I know that Cherry seeds need to be frozen (like over the winter) before they will sprout, or at least thats what I've read in a few places. So they can be frozen and still be viable once thawed.
But what about other seeds? I'm talking Acorns, Maple Keys, Walnuts etc. Do they "still work" after being frozen?

Is there a limit as to how long they can be frozen and still be viable?

Asking because I'm looking at buying a piece of land. When that will happen I'm not sure. Hopefully in the next few years, but...........? I'm hoping to collect some seeds from the woodlot beside my parent's house and plant them bitches when I find myself my own little piece of paradise.
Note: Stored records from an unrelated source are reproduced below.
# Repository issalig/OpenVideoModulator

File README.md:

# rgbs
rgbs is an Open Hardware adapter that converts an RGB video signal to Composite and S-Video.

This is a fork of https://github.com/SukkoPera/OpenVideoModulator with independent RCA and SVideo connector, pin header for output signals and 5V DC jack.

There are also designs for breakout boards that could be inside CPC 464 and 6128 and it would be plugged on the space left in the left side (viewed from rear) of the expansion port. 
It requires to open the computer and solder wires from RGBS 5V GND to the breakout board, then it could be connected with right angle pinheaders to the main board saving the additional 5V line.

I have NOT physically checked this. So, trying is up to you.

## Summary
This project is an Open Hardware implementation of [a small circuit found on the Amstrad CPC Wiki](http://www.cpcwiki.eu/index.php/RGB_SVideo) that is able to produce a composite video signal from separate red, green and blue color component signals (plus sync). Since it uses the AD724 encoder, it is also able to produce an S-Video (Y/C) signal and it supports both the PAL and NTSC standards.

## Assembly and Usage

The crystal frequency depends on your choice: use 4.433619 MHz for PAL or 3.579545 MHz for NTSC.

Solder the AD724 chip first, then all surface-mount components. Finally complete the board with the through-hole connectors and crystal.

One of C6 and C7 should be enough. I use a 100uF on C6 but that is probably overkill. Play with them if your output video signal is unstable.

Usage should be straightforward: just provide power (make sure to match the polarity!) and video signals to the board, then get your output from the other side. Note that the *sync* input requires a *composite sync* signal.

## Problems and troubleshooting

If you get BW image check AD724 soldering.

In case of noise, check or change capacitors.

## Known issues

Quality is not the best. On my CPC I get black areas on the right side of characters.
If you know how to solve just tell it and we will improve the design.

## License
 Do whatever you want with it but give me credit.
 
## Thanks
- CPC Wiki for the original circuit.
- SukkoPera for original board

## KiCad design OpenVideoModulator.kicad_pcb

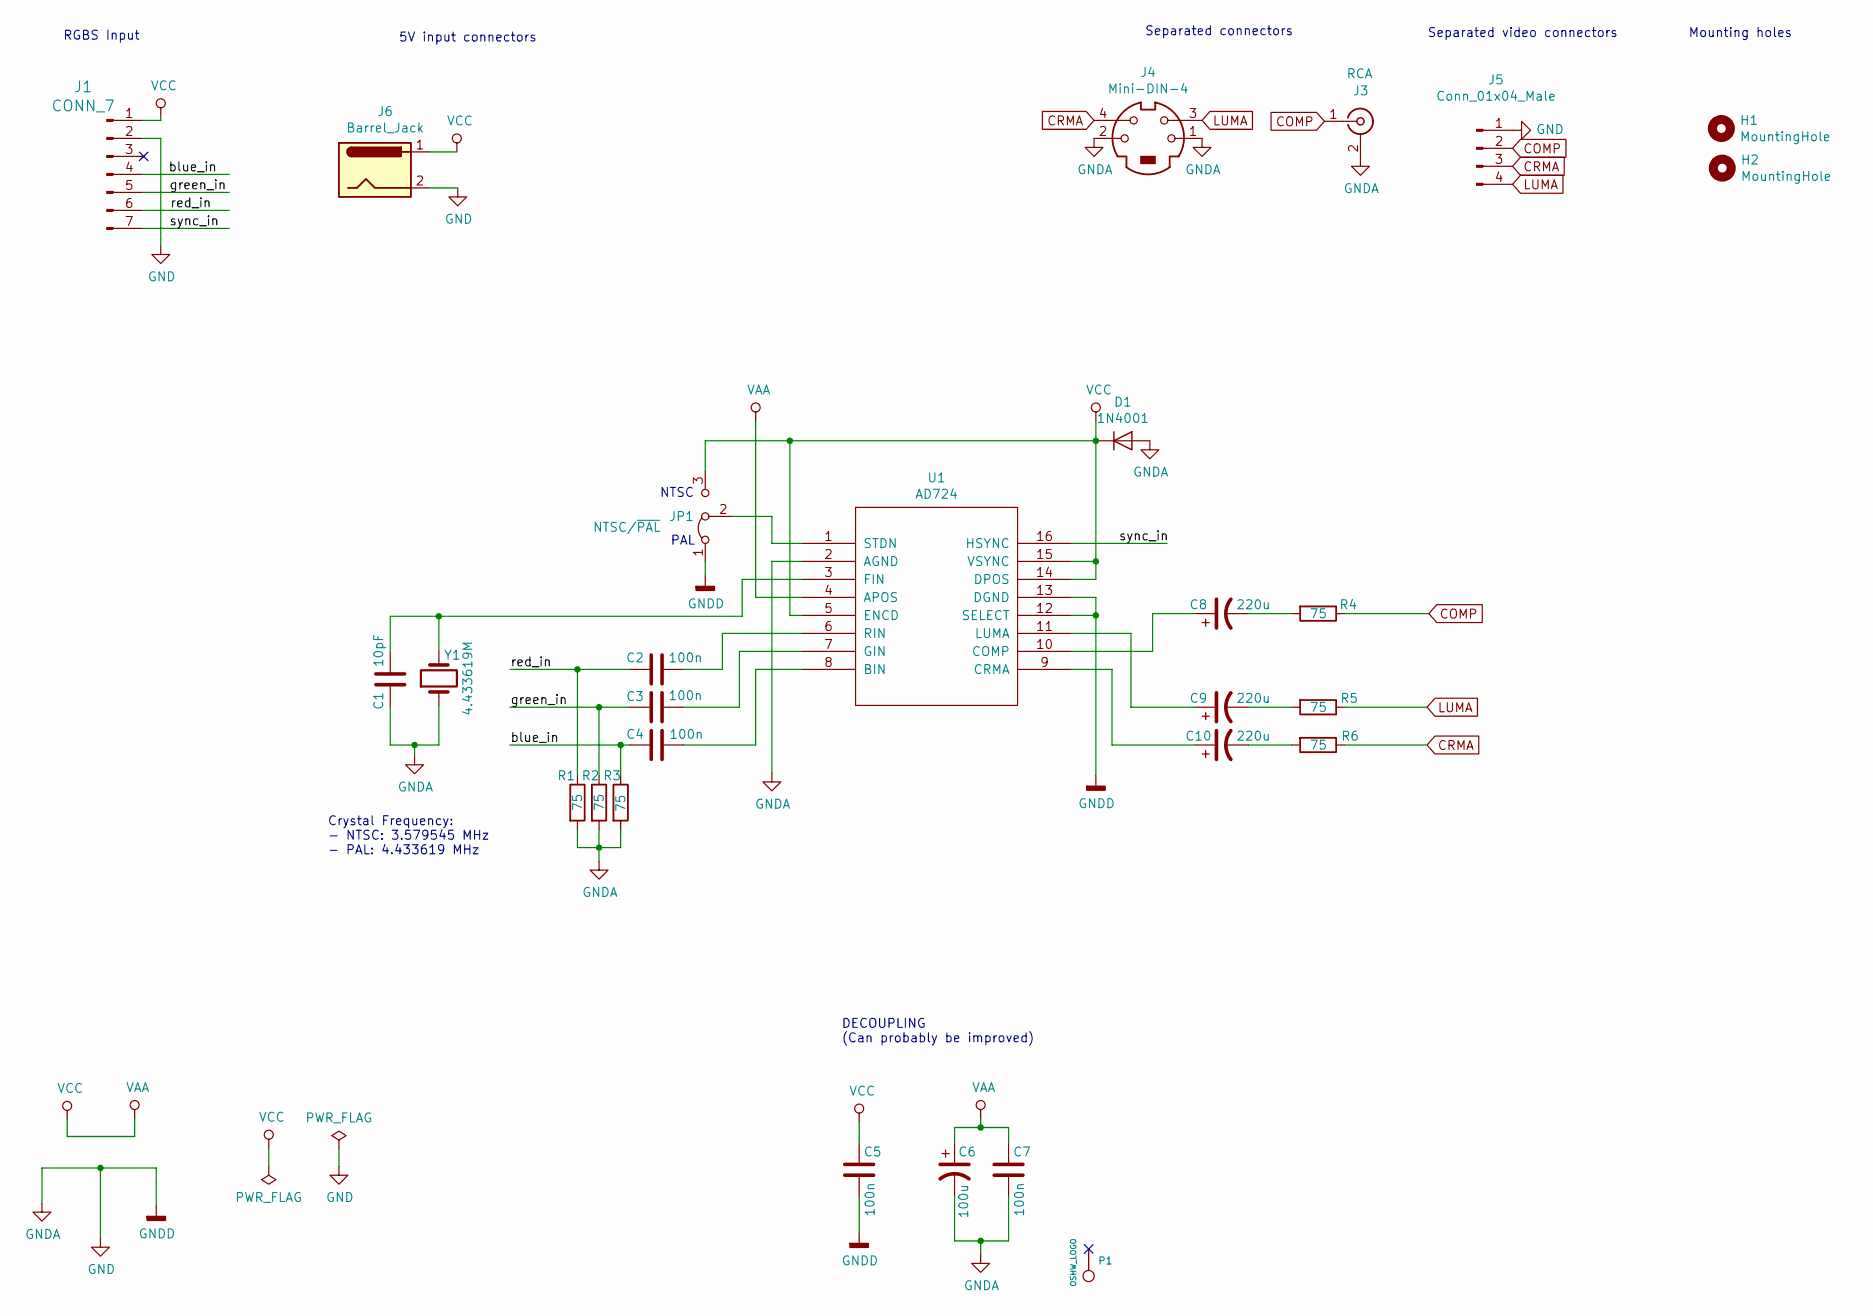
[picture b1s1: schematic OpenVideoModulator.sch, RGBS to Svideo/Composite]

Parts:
C1: 10pF; C_0805_2012Metric_Pad1.15x1.40mm_HandSolder
C2, C3, C4, C5, C7: 100n; C_0805_2012Metric_Pad1.15x1.40mm_HandSolder
C6: 100u; CP_Radial_D5.0mm_P2.00mm
C8, C9, C10: 220u; CP_Radial_D5.0mm_P2.00mm
D1: 1N4001; D_SMA
H1, H2: MountingHole; MountingHole_2.2mm_M2_ISO7380_Pad
J1: CONN_7; PinHeader_1x07_P2.54mm_Vertical
J3: RCA; CUI_RCJ-044
J4: Mini-DIN-4; CUI_MD-40S_1234
J5: Conn_01x04_Male; PinHeader_1x04_P2.54mm_Vertical
J6: Barrel_Jack; BarrelJack_Horizontal
JP1: NTSC/~PAL; PinHeader_1x03_P2.54mm_Vertical
P1: OSHW_LOGO; OSHW-Logo2_7.3x6mm_Copper
R1, R2, R3, R4, R5, R6: 75; R_0805_2012Metric_Pad1.15x1.40mm_HandSolder
U1: AD724; SOIC-16W_7.5x10.3mm_P1.27mm
Y1: 4.433619M; Crystal_HC49-4H_Vertical

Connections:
/blue_in: C4.2, J1.4, R3.1
/green_in: C3.2, J1.5, R2.1
/red_in: C2.2, J1.6, R1.1
/sync_in: J1.7, U1.16 (HSYNC)
COMP: J3.1 (In), J5.2, R4.1
CRMA: J4.4, J5.3, R6.1
GND: C1.2, C5.1, C6.2, C7.1, D1.2 (A), J1.2, J3.2 (Ext), J4.1, J4.2, J5.1, J6.2, JP1.1 (A), R1.2, R2.2, R3.2, U1.2 (AGND), U1.12 (SELECT), U1.13 (DGND), Y1.1
LUMA: J4.3, J5.4, R5.1
unnamed: C1.1, U1.3 (FIN), Y1.2
unnamed: C2.1, U1.6 (RIN)
unnamed: C3.1, U1.7 (GIN)
unnamed: C4.1, U1.8 (BIN)
unnamed: C8.1, U1.10 (COMP)
unnamed: C8.2, R4.2
unnamed: C9.1, U1.11 (LUMA)
unnamed: C9.2, R5.2
unnamed: C10.1, U1.9 (CRMA)
unnamed: C10.2, R6.2
unnamed: JP1.2 (C), U1.1 (STDN)
VAA: C5.2, C6.1, C7.2, D1.1 (K), J1.1, J6.1, JP1.3 (B), U1.4 (APOS), U1.5 (ENCD), U1.14 (DPOS), U1.15 (VSYNC)

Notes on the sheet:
PAL
NTSC
Crystal Frequency: - NTSC: 3.579545 MHz - PAL: 4.433619 MHz
Separated connectors
DECOUPLING (Can probably be improved)
RGBS Input
5V input connectors
Mounting holes
Separated video connectors

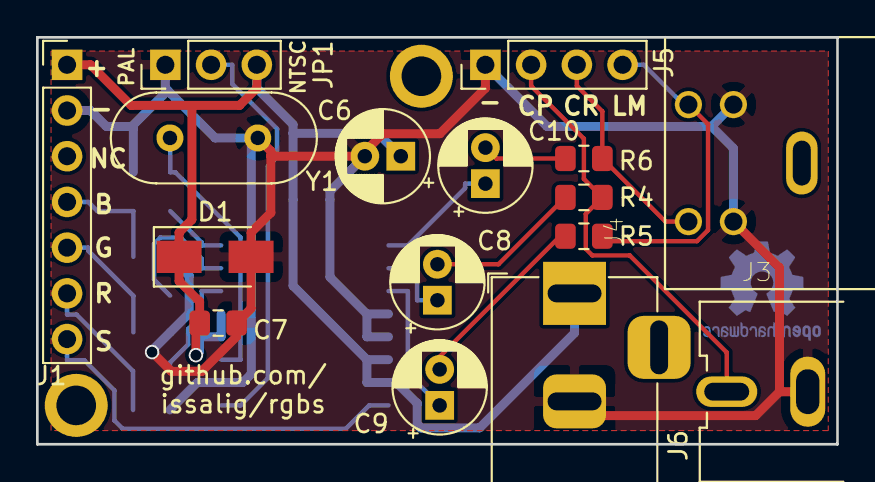
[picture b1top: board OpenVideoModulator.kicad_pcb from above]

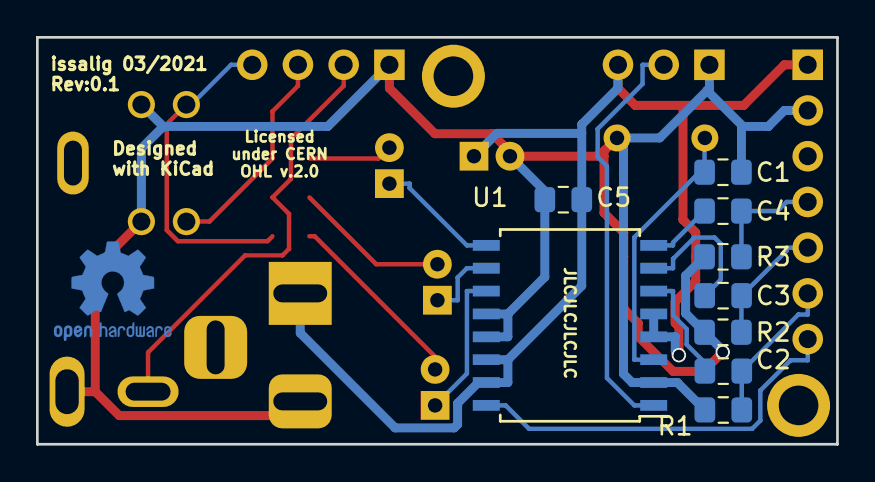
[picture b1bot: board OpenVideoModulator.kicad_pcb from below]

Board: 2 copper layers, 44.5 x 22.6 mm, 28 parts (10 on the bottom side), 20 nets.

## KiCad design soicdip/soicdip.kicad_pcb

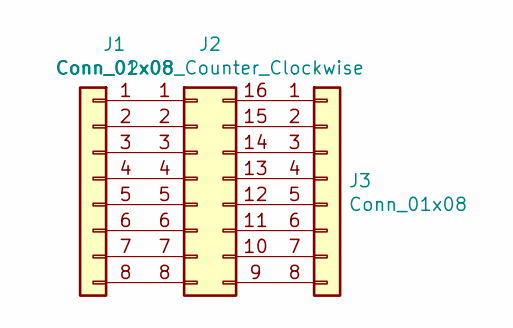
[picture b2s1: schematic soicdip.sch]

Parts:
J1, J3: Conn_01x08; PinHeader_1x08_P2.54mm_Vertical
J2: Conn_02x08_Counter_Clockwise; SOIC-16

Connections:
unnamed: J1.1, J2.1
unnamed: J1.2, J2.2
unnamed: J1.3, J2.3
unnamed: J1.4, J2.4
unnamed: J1.5, J2.5
unnamed: J1.6, J2.6
unnamed: J1.7, J2.7
unnamed: J1.8, J2.8
unnamed: J2.9, J3.8
unnamed: J2.10, J3.7
unnamed: J2.11, J3.6
unnamed: J2.12, J3.5
unnamed: J2.13, J3.4
unnamed: J2.14, J3.3
unnamed: J2.15, J3.2
unnamed: J2.16, J3.1

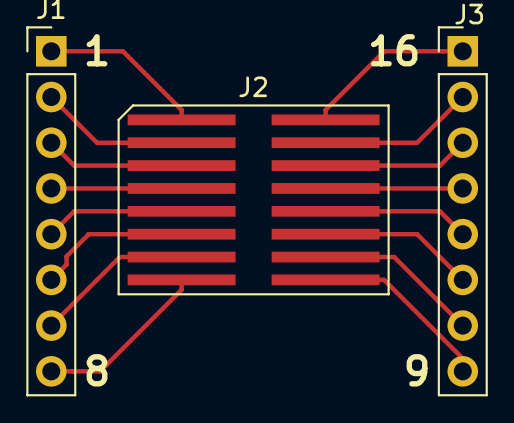
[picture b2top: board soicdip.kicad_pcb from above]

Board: 2 copper layers, 3 parts (0 on the bottom side), 16 nets.

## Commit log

2021-03-07 1st version
2021-03-07 readme
2021-03-07 6128 pcb
2021-03-09 panelizing experiments
2021-03-12 release candidate
2021-03-12 clean
2021-03-12 imgs clean
2021-03-12 internal img
2021-03-12 rgbs
2021-03-12 panelize

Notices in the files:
OpenVideoModulator.kicad_pcb:
Licensed under CERN OHL v.1.2

It really varies. If you can buy seeds for a particular plant off the shelf, chances are that it’s something you could gather yourself and store on the shelf for at least a year.

The term of art for things like cherry seeds that need to be chilled for some weeks before they will germinate “cold stratification”. I’m cold stratifying some Arbutus unedo seeds in my refrigerator right now.



These seeds want to sprout after their first winter in the ground, but they can take one year of storage.

quote:

Immediately after collection, the fruits were immersed in water and the seeds manu- ally separated from the fruit flesh. Any floating seeds (􏰀10%) were discarded. Seeds were left to dry on tissue paper for 24 h at room temperature and then were placed in unsealed plastic petri dishes between filter paper. The petri dishes were placed in Styrofoam boxes (for darkness) and stored in a constant condition chamber at 25 °C and 30% relative humidity.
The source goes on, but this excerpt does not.